**WORK ORDER:** For this exercise, reproduce the entries below exactly, but only from the line containing "(PA3); also elsewhere on the board" through the line containing "U6.4 (D5); also elsewhere on the board", both included.

**ENTRIES PROVIDED:**

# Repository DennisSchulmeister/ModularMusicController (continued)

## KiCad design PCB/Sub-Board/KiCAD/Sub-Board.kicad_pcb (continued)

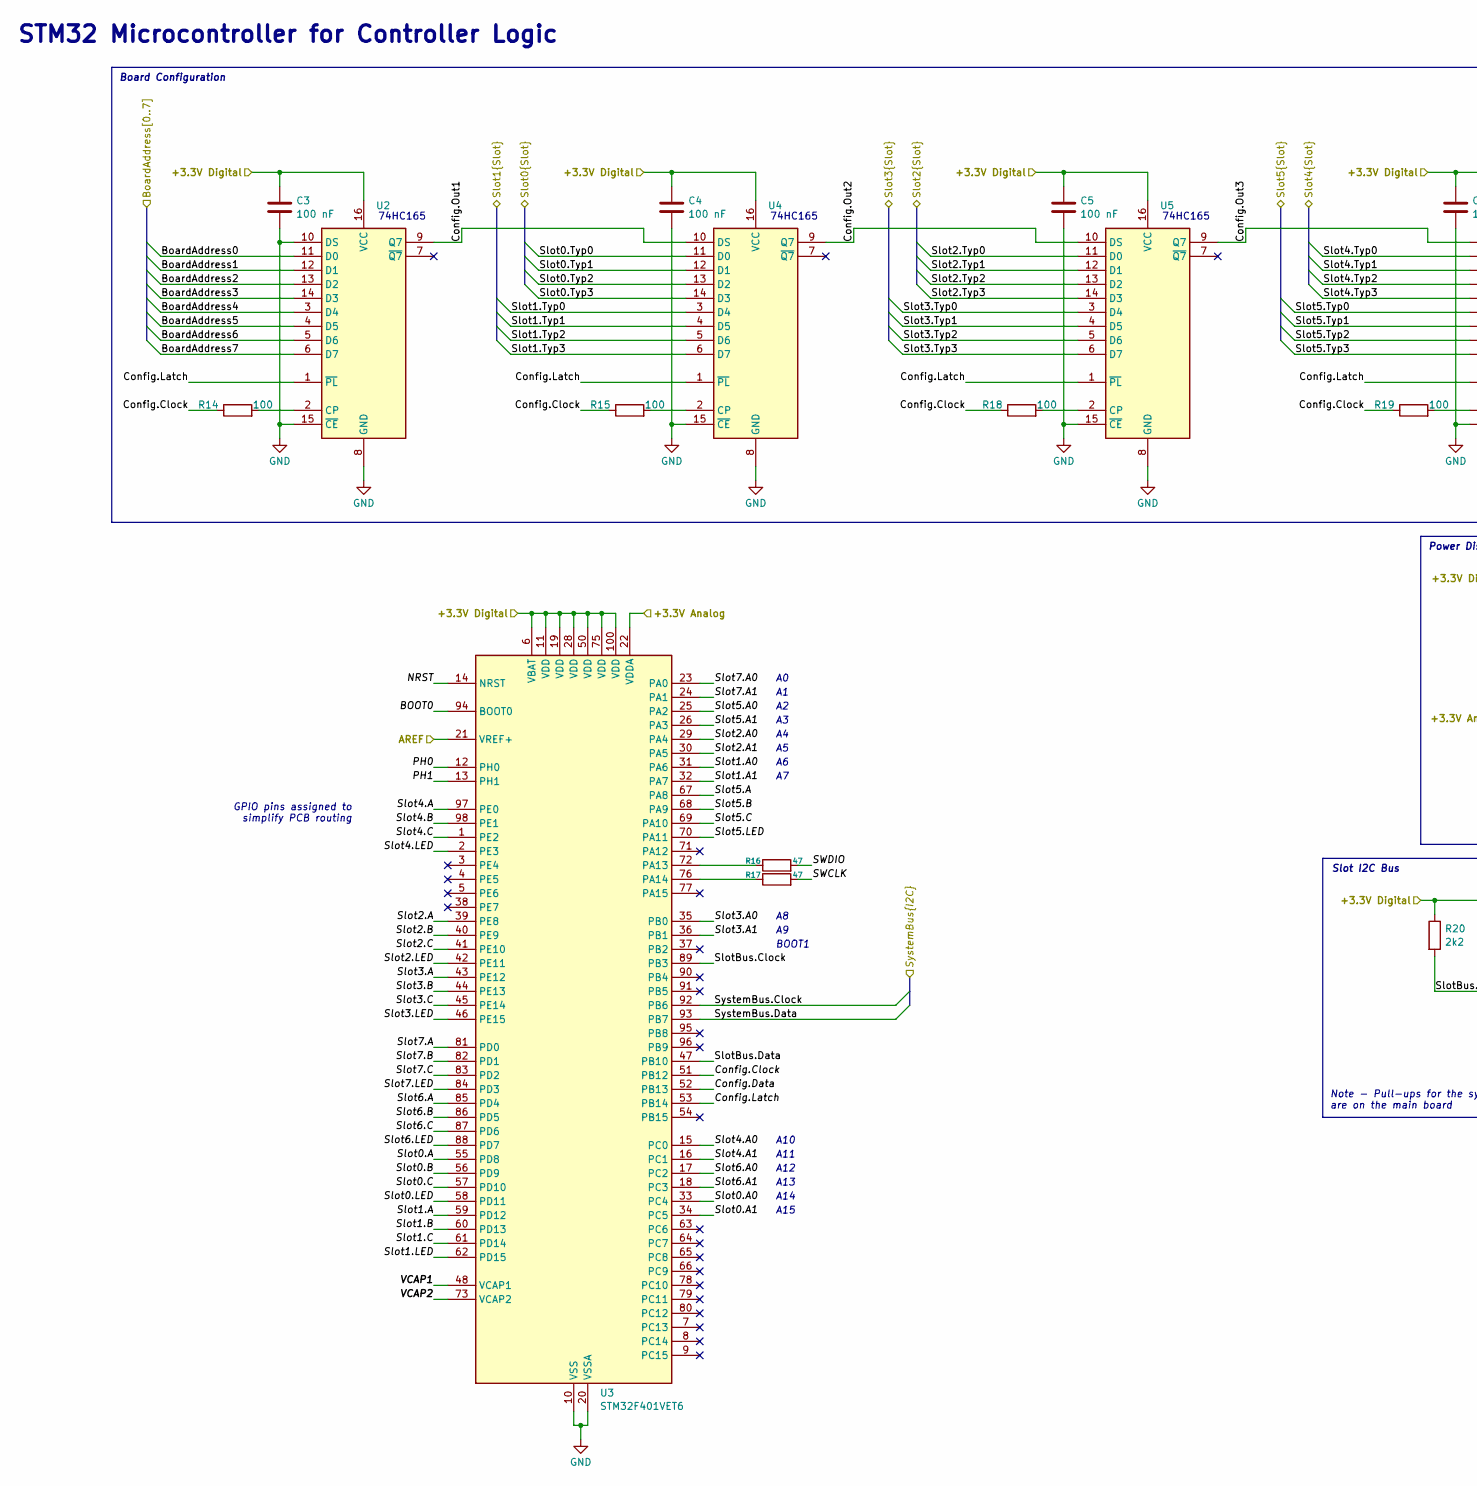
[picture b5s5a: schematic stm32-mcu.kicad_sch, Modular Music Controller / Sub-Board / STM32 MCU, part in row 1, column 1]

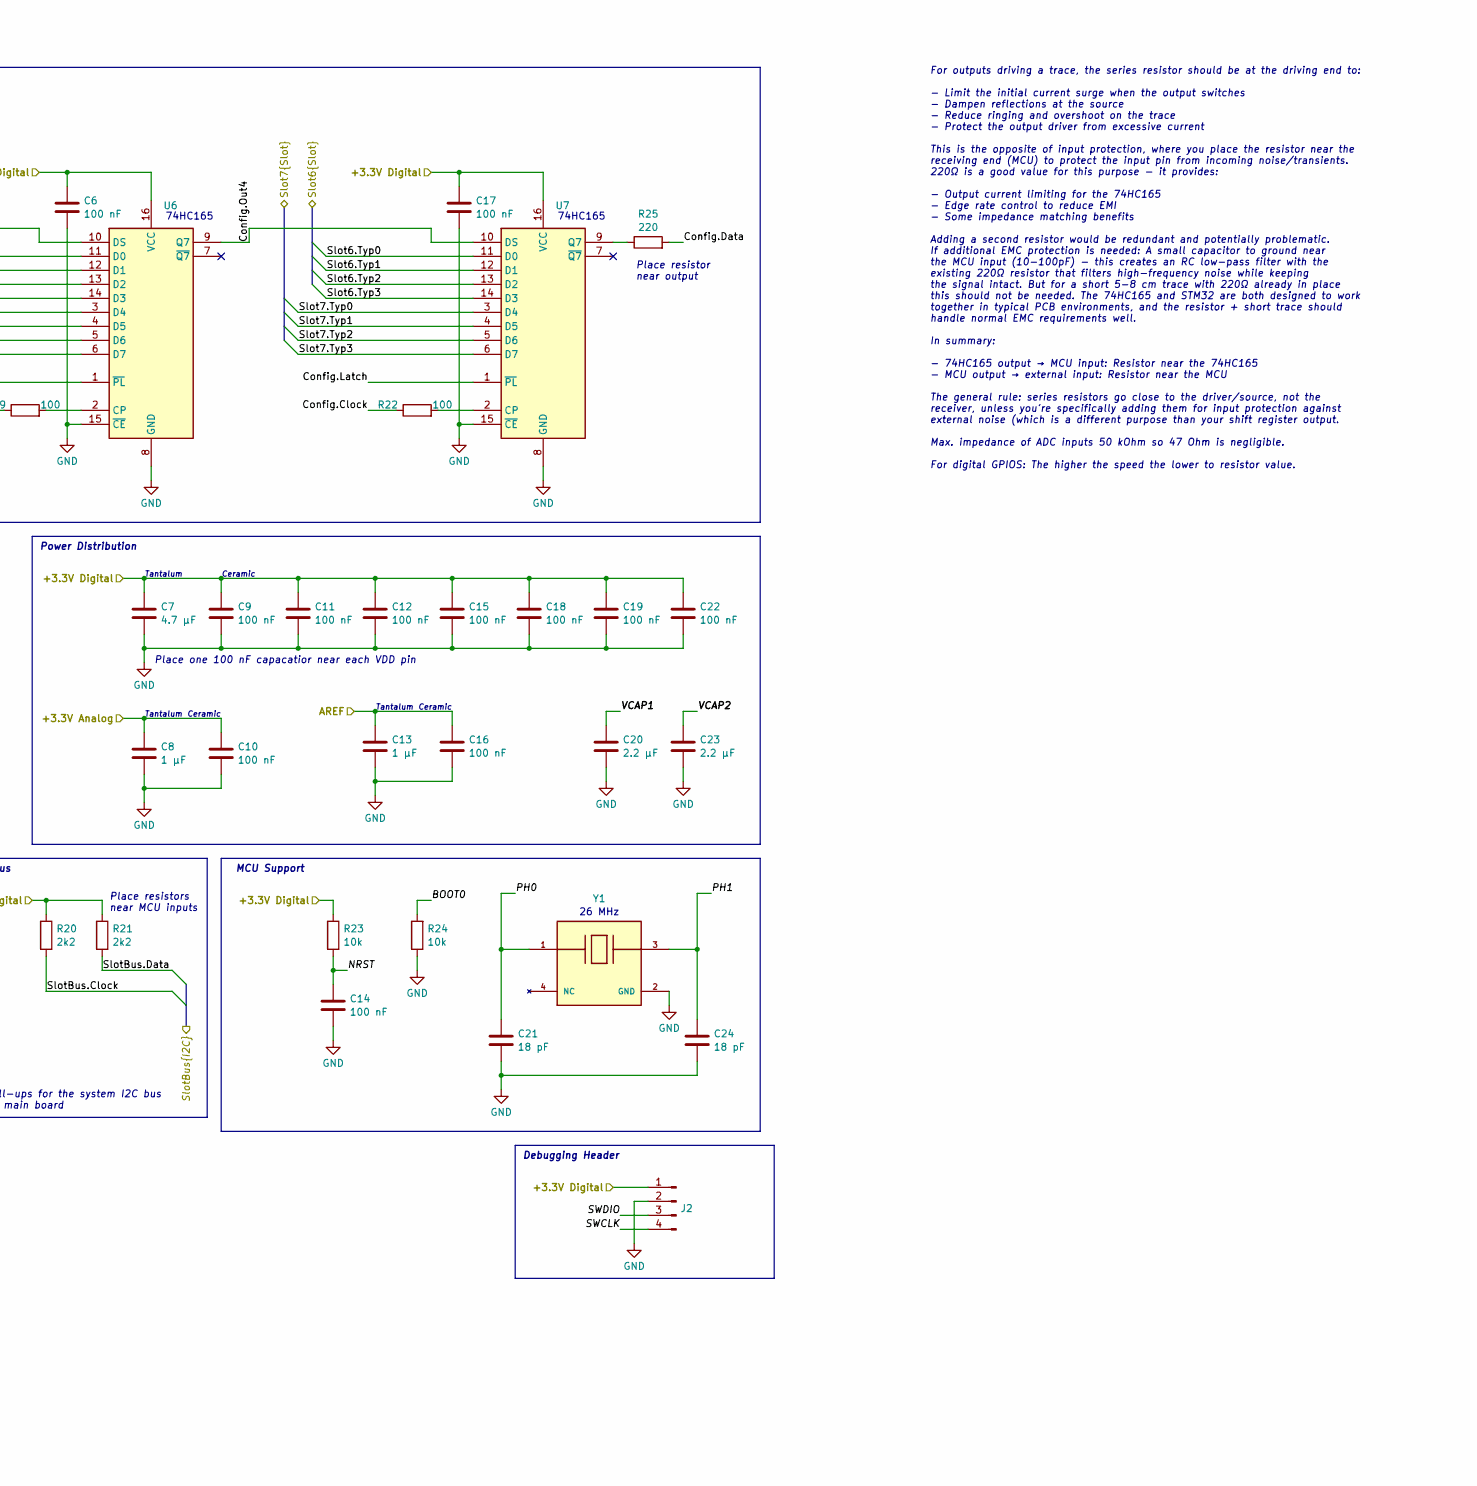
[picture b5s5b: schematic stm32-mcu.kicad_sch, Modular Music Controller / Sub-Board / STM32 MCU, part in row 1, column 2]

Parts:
C3, C4, C5, C6, C9, C10, C11, C12, C14, C15, C16, C17, C18, C19, C22: 100 nF; C_0603_1608Metric
C7: 4.7 µF; C_0805_2012Metric
C8, C13: 1 µF; C_0805_2012Metric
C20, C23: 2.2 µF; C_0805_2012Metric
C21, C24: 18 pF; C_0603_1608Metric
J2: Harwin M20-8770446; PinHeader_1x04_P2.54mm_Vertical_SMD_Pin1Right
R14, R15, R18, R19, R22: 100; R_0402_1005Metric
R16, R17: 47; R_0402_1005Metric
R20, R21: 2k2; R_0402_1005Metric
R23, R24: 10k; R_0402_1005Metric
R25: 220; R_0402_1005Metric
U2, U4, U5, U6, U7: Nexperia 74HC165PW,118; TSSOP-16_4.4x5mm_P0.65mm
U3: STM32F401VET6; LQFP-100_14x14mm_P0.5mm
Y1: Kyocera CX2016DB26000H0FLJC2; OSC_CX2016DB26000H0FLJC2; PARTREV October 2024

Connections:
/Board Address/+3.3V Digital: C3.1, C4.1, C5.1, C6.1, C7.1, C9.1, C11.1, C12.1, C15.1, C17.1, C18.1, C19.1, C22.1, J2.1, R20.1, R21.1, R23.1, U2.16 (VCC), U3.6 (VBAT), U3.11 (VDD), U3.19 (VDD), U3.28 (VDD), U3.50 (VDD), U3.75 (VDD), U3.100 (VDD), U4.16 (VCC), U5.16 (VCC), U6.16 (VCC), U7.16 (VCC); also elsewhere on the board
/Board Address/BoardAddress0: U2.11 (D0); also elsewhere on the board
/Board Address/BoardAddress1: U2.12 (D1); also elsewhere on the board
/Board Address/BoardAddress2: U2.13 (D2); also elsewhere on the board
/Board Address/BoardAddress3: U2.14 (D3); also elsewhere on the board
/Board Address/BoardAddress4: U2.3 (D4); also elsewhere on the board
/Board Address/BoardAddress5: U2.4 (D5); also elsewhere on the board
/Board Address/BoardAddress6: U2.5 (D6); also elsewhere on the board
/Board Address/BoardAddress7: U2.6 (D7); also elsewhere on the board
/Power Supply/+3.3V Analog: C8.1, C10.1, U3.22 (VDDA); also elsewhere on the board
/Power Supply/AREF: C13.1, C16.1, U3.21 (VREF+); also elsewhere on the board
/STM32-MCU/BOOT0: R24.2, U3.94 (BOOT0)
/STM32-MCU/Config.Clock: R14.1, R15.1, R18.1, R19.1, R22.1, U3.51 (PB12)
/STM32-MCU/Config.Data: R25.2, U3.52 (PB13)
/STM32-MCU/Config.Latch: U2.1 (~PL), U3.53 (PB14), U4.1 (~PL), U5.1 (~PL), U6.1 (~PL), U7.1 (~PL)
/STM32-MCU/Config.Out1: U2.9 (Q7), U4.10 (DS)
/STM32-MCU/Config.Out2: U4.9 (Q7), U5.10 (DS)
/STM32-MCU/Config.Out3: U5.9 (Q7), U6.10 (DS)
/STM32-MCU/Config.Out4: U6.9 (Q7), U7.10 (DS)
/STM32-MCU/NRST: C14.1, R23.2, U3.14 (NRST)
/STM32-MCU/PH0: C21.1, U3.12 (PH0), Y1.1
/STM32-MCU/PH1: C24.1, U3.13 (PH1), Y1.3
/STM32-MCU/SWCLK: J2.4, R17.2
/STM32-MCU/SWDIO: J2.3, R16.2
/STM32-MCU/Slot0.A: U3.55 (PD8); also elsewhere on the board
/STM32-MCU/Slot0.A0: U3.33 (PC4); also elsewhere on the board
/STM32-MCU/Slot0.A1: U3.34 (PC5); also elsewhere on the board
/STM32-MCU/Slot0.B: U3.56 (PD9); also elsewhere on the board
/STM32-MCU/Slot0.C: U3.57 (PD10); also elsewhere on the board
/STM32-MCU/Slot0.LED: U3.58 (PD11); also elsewhere on the board
/STM32-MCU/Slot0.Typ0: U4.11 (D0); also elsewhere on the board
/STM32-MCU/Slot0.Typ1: U4.12 (D1); also elsewhere on the board
/STM32-MCU/Slot0.Typ2: U4.13 (D2); also elsewhere on the board
/STM32-MCU/Slot0.Typ3: U4.14 (D3); also elsewhere on the board
/STM32-MCU/Slot1.A: U3.59 (PD12); also elsewhere on the board
/STM32-MCU/Slot1.A0: U3.31 (PA6); also elsewhere on the board
/STM32-MCU/Slot1.A1: U3.32 (PA7); also elsewhere on the board
/STM32-MCU/Slot1.B: U3.60 (PD13); also elsewhere on the board
/STM32-MCU/Slot1.C: U3.61 (PD14); also elsewhere on the board
/STM32-MCU/Slot1.LED: U3.62 (PD15); also elsewhere on the board
/STM32-MCU/Slot1.Typ0: U4.3 (D4); also elsewhere on the board
/STM32-MCU/Slot1.Typ1: U4.4 (D5); also elsewhere on the board
/STM32-MCU/Slot1.Typ2: U4.5 (D6); also elsewhere on the board
/STM32-MCU/Slot1.Typ3: U4.6 (D7); also elsewhere on the board
/STM32-MCU/Slot2.A: U3.39 (PE8); also elsewhere on the board
/STM32-MCU/Slot2.A0: U3.29 (PA4); also elsewhere on the board
/STM32-MCU/Slot2.A1: U3.30 (PA5); also elsewhere on the board
/STM32-MCU/Slot2.B: U3.40 (PE9); also elsewhere on the board
/STM32-MCU/Slot2.C: U3.41 (PE10); also elsewhere on the board
/STM32-MCU/Slot2.LED: U3.42 (PE11); also elsewhere on the board
/STM32-MCU/Slot2.Typ0: U5.11 (D0); also elsewhere on the board
/STM32-MCU/Slot2.Typ1: U5.12 (D1); also elsewhere on the board
/STM32-MCU/Slot2.Typ2: U5.13 (D2); also elsewhere on the board
/STM32-MCU/Slot2.Typ3: U5.14 (D3); also elsewhere on the board
/STM32-MCU/Slot3.A: U3.43 (PE12); also elsewhere on the board
/STM32-MCU/Slot3.A0: U3.35 (PB0); also elsewhere on the board
/STM32-MCU/Slot3.A1: U3.36 (PB1); also elsewhere on the board
/STM32-MCU/Slot3.B: U3.44 (PE13); also elsewhere on the board
/STM32-MCU/Slot3.C: U3.45 (PE14); also elsewhere on the board
/STM32-MCU/Slot3.LED: U3.46 (PE15); also elsewhere on the board
/STM32-MCU/Slot3.Typ0: U5.3 (D4); also elsewhere on the board
/STM32-MCU/Slot3.Typ1: U5.4 (D5); also elsewhere on the board
/STM32-MCU/Slot3.Typ2: U5.5 (D6); also elsewhere on the board
/STM32-MCU/Slot3.Typ3: U5.6 (D7); also elsewhere on the board
/STM32-MCU/Slot4.A: U3.97 (PE0); also elsewhere on the board
/STM32-MCU/Slot4.A0: U3.15 (PC0); also elsewhere on the board
/STM32-MCU/Slot4.A1: U3.16 (PC1); also elsewhere on the board
/STM32-MCU/Slot4.B: U3.98 (PE1); also elsewhere on the board
/STM32-MCU/Slot4.C: U3.1 (PE2); also elsewhere on the board
/STM32-MCU/Slot4.LED: U3.2 (PE3); also elsewhere on the board
/STM32-MCU/Slot4.Typ0: U6.11 (D0); also elsewhere on the board
/STM32-MCU/Slot4.Typ1: U6.12 (D1); also elsewhere on the board
/STM32-MCU/Slot4.Typ2: U6.13 (D2); also elsewhere on the board
/STM32-MCU/Slot4.Typ3: U6.14 (D3); also elsewhere on the board
/STM32-MCU/Slot5.A: U3.67 (PA8); also elsewhere on the board
/STM32-MCU/Slot5.A0: U3.25 (PA2); also elsewhere on the board
/STM32-MCU/Slot5.A1: U3.26 (PA3); also elsewhere on the board
/STM32-MCU/Slot5.B: U3.68 (PA9); also elsewhere on the board
/STM32-MCU/Slot5.C: U3.69 (PA10); also elsewhere on the board
/STM32-MCU/Slot5.LED: U3.70 (PA11); also elsewhere on the board
/STM32-MCU/Slot5.Typ0: U6.3 (D4); also elsewhere on the board
/STM32-MCU/Slot5.Typ1: U6.4 (D5); also elsewhere on the board
/STM32-MCU/Slot5.Typ2: U6.5 (D6); also elsewhere on the board
/STM32-MCU/Slot5.Typ3: U6.6 (D7); also elsewhere on the board
/STM32-MCU/Slot6.A: U3.85 (PD4); also elsewhere on the board
/STM32-MCU/Slot6.A0: U3.17 (PC2); also elsewhere on the board
/STM32-MCU/Slot6.A1: U3.18 (PC3); also elsewhere on the board
/STM32-MCU/Slot6.B: U3.86 (PD5); also elsewhere on the board
/STM32-MCU/Slot6.C: U3.87 (PD6); also elsewhere on the board
/STM32-MCU/Slot6.LED: U3.88 (PD7); also elsewhere on the board
/STM32-MCU/Slot6.Typ0: U7.11 (D0); also elsewhere on the board
/STM32-MCU/Slot6.Typ1: U7.12 (D1); also elsewhere on the board
/STM32-MCU/Slot6.Typ2: U7.13 (D2); also elsewhere on the board
/STM32-MCU/Slot6.Typ3: U7.14 (D3); also elsewhere on the board
/STM32-MCU/Slot7.A: U3.81 (PD0); also elsewhere on the board
/STM32-MCU/Slot7.A0: U3.23 (PA0); also elsewhere on the board
/STM32-MCU/Slot7.A1: U3.24 (PA1); also elsewhere on the board
/STM32-MCU/Slot7.B: U3.82 (PD1); also elsewhere on the board
/STM32-MCU/Slot7.C: U3.83 (PD2); also elsewhere on the board
/STM32-MCU/Slot7.LED: U3.84 (PD3); also elsewhere on the board
/STM32-MCU/Slot7.Typ0: U7.3 (D4); also elsewhere on the board
/STM32-MCU/Slot7.Typ1: U7.4 (D5); also elsewhere on the board
/STM32-MCU/Slot7.Typ2: U7.5 (D6); also elsewhere on the board
/STM32-MCU/Slot7.Typ3: U7.6 (D7); also elsewhere on the board
/STM32-MCU/SlotBus.Clock: R20.2, U3.89 (PB3); also elsewhere on the board
/STM32-MCU/SlotBus.Data: R21.2, U3.47 (PB10); also elsewhere on the board
/STM32-MCU/SystemBus.Clock: U3.92 (PB6); also elsewhere on the board
/STM32-MCU/SystemBus.Data: U3.93 (PB7); also elsewhere on the board
/STM32-MCU/VCAP1: C20.1, U3.48 (VCAP1)
/STM32-MCU/VCAP2: C23.1, U3.73 (VCAP2)
GND: C3.2, C4.2, C5.2, C6.2, C7.2, C8.2, C9.2, C10.2, C11.2, C12.2, C13.2, C14.2, C15.2, C16.2, C17.2, C18.2, C19.2, C20.2, C21.2, C22.2, C23.2, C24.2, J2.2, R24.1, U2.8 (GND), U2.10 (DS), U2.15 (~CE), U3.10 (VSS), U3.20 (VSSA), U3.27 (VSS), U3.49 (VSS), U3.74 (VSS), U3.99 (VSS), U4.8 (GND), U4.15 (~CE), U5.8 (GND), U5.15 (~CE), U6.8 (GND), U6.15 (~CE), U7.8 (GND), U7.15 (~CE), Y1.2 (GND); also elsewhere on the board
unnamed: R14.2, U2.2 (CP)
unnamed: R16.1, U3.72 (PA13)
unnamed: R17.1, U3.76 (PA14)
unnamed: R15.2, U4.2 (CP)
unnamed: R18.2, U5.2 (CP)
unnamed: R19.2, U6.2 (CP)
unnamed: R22.2, U7.2 (CP)
unnamed: R25.1, U7.9 (Q7)

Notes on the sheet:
74HC165
Place resistor near output
Place resistors near MCU inputs
Power Distribution
For outputs driving a trace, the series resistor should be at the driving end to: - Limit the initial current surge when the output switches - Dampen reflections at the source - Reduce ringing and overshoot on the trace - Protect the output driver from excessive current This is the opposite of inpu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
Debugging Header
Tantalum
A12
Board Configuration
A10
Ceramic
GPIO pins assigned to simplify PCB routing
A14
A15
Place one 100 nF capacatior near each VDD pin
STM32 Microcontroller for Controller Logic
MCU Support
Slot I2C Bus
A13
A11
BOOT1
Note - Pull-ups for the system I2C bus are on the main board
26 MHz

**RESPONSE:**
/STM32-MCU/Slot5.A1: U3.26 (PA3); also elsewhere on the board
/STM32-MCU/Slot5.B: U3.68 (PA9); also elsewhere on the board
/STM32-MCU/Slot5.C: U3.69 (PA10); also elsewhere on the board
/STM32-MCU/Slot5.LED: U3.70 (PA11); also elsewhere on the board
/STM32-MCU/Slot5.Typ0: U6.3 (D4); also elsewhere on the board
/STM32-MCU/Slot5.Typ1: U6.4 (D5); also elsewhere on the board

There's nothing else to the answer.